His company also owns the Celine and Givenchy labels that showed in Paris this week. Net profits rose to 817 million euros in the first six months of the year and sales of leather goods rose 46 percent in July and August.


But several fashion critics found the week's shows provided little inspiration.
"I think we've seen the struggle of big houses ... when they don't have the right designer at the helm," said Hilary Alexander, fashion director at the Daily Telegraph. "You tend to get either a pile of boring merchandise just to sell handbags or ... collections which are totally incomprehensible."

Vanity Fair Fashion Director Michael Roberts said there were "Too many uninspiring clothes ... I think you can be commercial and still come out with something inspired."
"I think this is really a particularly off season for Paris. Hopefully next year it will be on again otherwise we'll have a problem," he added. "
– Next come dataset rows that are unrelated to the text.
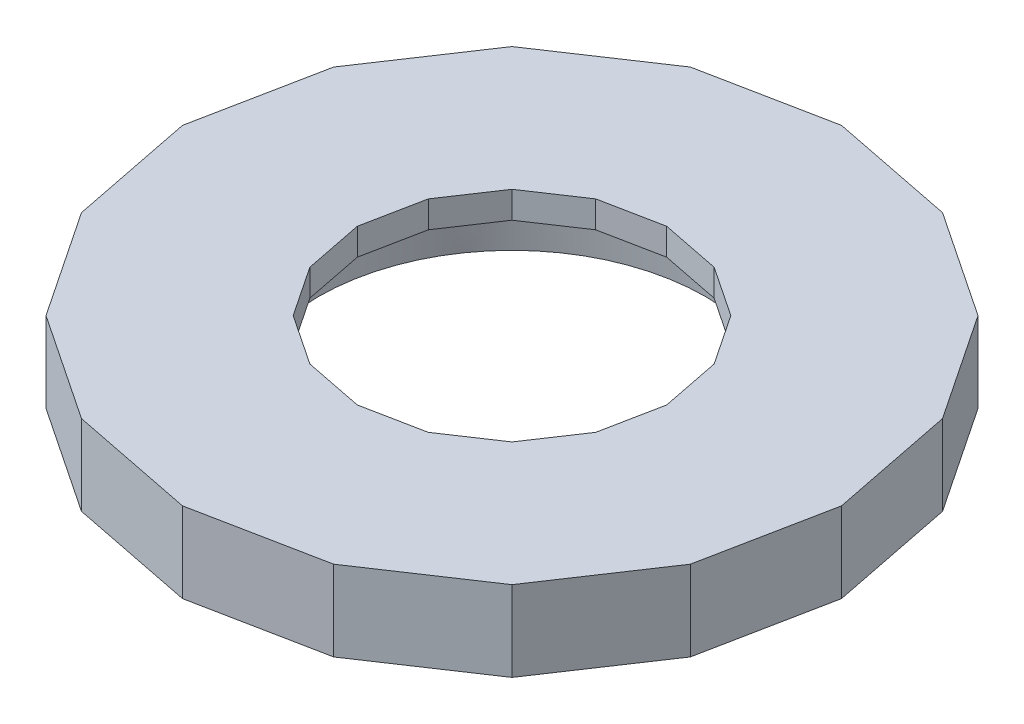
SolidWorks part; units mm, degrees
ref_plane "Front Plane" through (0, 0, 0) normal (0, 0, 1) x (1, 0, 0)
ref_plane "Top Plane" through (0, 0, 0) normal (0, 1, 0) x (1, 0, 0)
ref_plane "Right Plane" through (0, 0, 0) normal (1, 0, 0) x (0, 0, -1)
sketch "Sketch1" plane through (0, 0, 0) normal (0, 1, 0) x (1, 0, 0)
  line L0 (-78.1177, 0) -> (0, 0) construction
  line L1 (-78.1177, 0) -> (-72.1713, -29.8943)
  line L2 (-72.1713, -29.8943) -> (-55.2375, -55.2375)
  line L3 (-55.2375, -55.2375) -> (-29.8943, -72.1713)
  line L4 (-29.8943, -72.1713) -> (0, -78.1177)
  line L5 (0, -78.1177) -> (29.8943, -72.1713)
  line L6 (29.8943, -72.1713) -> (55.2375, -55.2375)
  line L7 (55.2375, -55.2375) -> (72.1713, -29.8943)
  line L8 (72.1713, -29.8943) -> (78.1177, 0)
  line L9 (78.1177, 0) -> (72.1713, 29.8943)
  line L10 (72.1713, 29.8943) -> (55.2375, 55.2375)
  line L11 (55.2375, 55.2375) -> (29.8943, 72.1713)
  line L12 (29.8943, 72.1713) -> (0, 78.1177)
  line L13 (0, 78.1177) -> (-29.8943, 72.1713)
  line L14 (-29.8943, 72.1713) -> (-55.2375, 55.2375)
  line L15 (-55.2375, 55.2375) -> (-72.1713, 29.8943)
  line L16 (-72.1713, 29.8943) -> (-78.1177, 0)
  line L18 (-36.6815, 0) -> (-33.8893, -14.0374)
  line L19 (-33.8893, -14.0374) -> (-25.9377, -25.9377)
  line L20 (-25.9377, -25.9377) -> (-14.0374, -33.8893)
  line L21 (-14.0374, -33.8893) -> (0, -36.6815)
  line L22 (0, -36.6815) -> (14.0374, -33.8893)
  line L23 (14.0374, -33.8893) -> (25.9377, -25.9377)
  line L24 (25.9377, -25.9377) -> (33.8893, -14.0374)
  line L25 (33.8893, -14.0374) -> (36.6815, 0)
  line L26 (36.6815, 0) -> (33.8893, 14.0374)
  line L27 (33.8893, 14.0374) -> (25.9377, 25.9377)
  line L28 (25.9377, 25.9377) -> (14.0374, 33.8893)
  line L29 (14.0374, 33.8893) -> (0, 36.6815)
  line L30 (0, 36.6815) -> (-14.0374, 33.8893)
  line L31 (-14.0374, 33.8893) -> (-25.9377, 25.9377)
  line L32 (-25.9377, 25.9377) -> (-33.8893, 14.0374)
  line L33 (-33.8893, 14.0374) -> (-36.6815, 0)
  circle A0 centre (0, 0) radius 76.6167 construction
  circle A1 centre (0, 0) radius 35.9767 construction
  dimension "D1" = 30.48
  dimension "D2" = 40.64
extrude "Boss-Extrude1" add sketch "Sketch1" along normal blind 19.05
sketch "Sketch5" plane through (0, 19.05, 0) normal (0, 1, 0) x (1, 0, 0)
  circle A0 centre (0, 0) radius 76.2
  dimension "D1" = 152.4
sketch "Sketch6" plane through (0, 0, 0) normal (0, 0, 1) x (1, 0, 0)
  line L0 (-44.7832, 12.7) -> (-45.8943, 0)
  line L1 (-55.2375, 0) -> (-29.8943, 0) construction
  line L2 (-45.8943, 0) -> (-10.2189, 0)
  line L3 (-29.8943, 0) -> (0, 0) construction
  line L4 (-10.2189, 0) -> (-10.2189, 12.7)
  line L5 (76.2, 19.05) -> (-76.2, 19.05) construction
  line L6 (-44.7832, 12.7) -> (-10.2189, 12.7)
  line L7 (0, 0) -> (0, 19.05) construction
  dimension "D1" = 85
  dimension "D2" = 12.7
revolve "Cut-Revolve1" cut sketch "Sketch6" angle 360 about L7

Robert Burke, head of the luxury consulting firm Robert Burke Associates, said the minimalist trend required skillful presentation on the part of retailers.
"It's a more intellectual sale, as opposed to an impulsive sale. It's all in how it's displayed, how it's merchandised, how it's shown in the windows," he told the AP.
"It's always a balance of making sure that you don't have too much of a sea of black in your store, that you still have color and you still have some embellishment, because while the fashion world moves very fast, sometimes the consumer doesn't move as fast."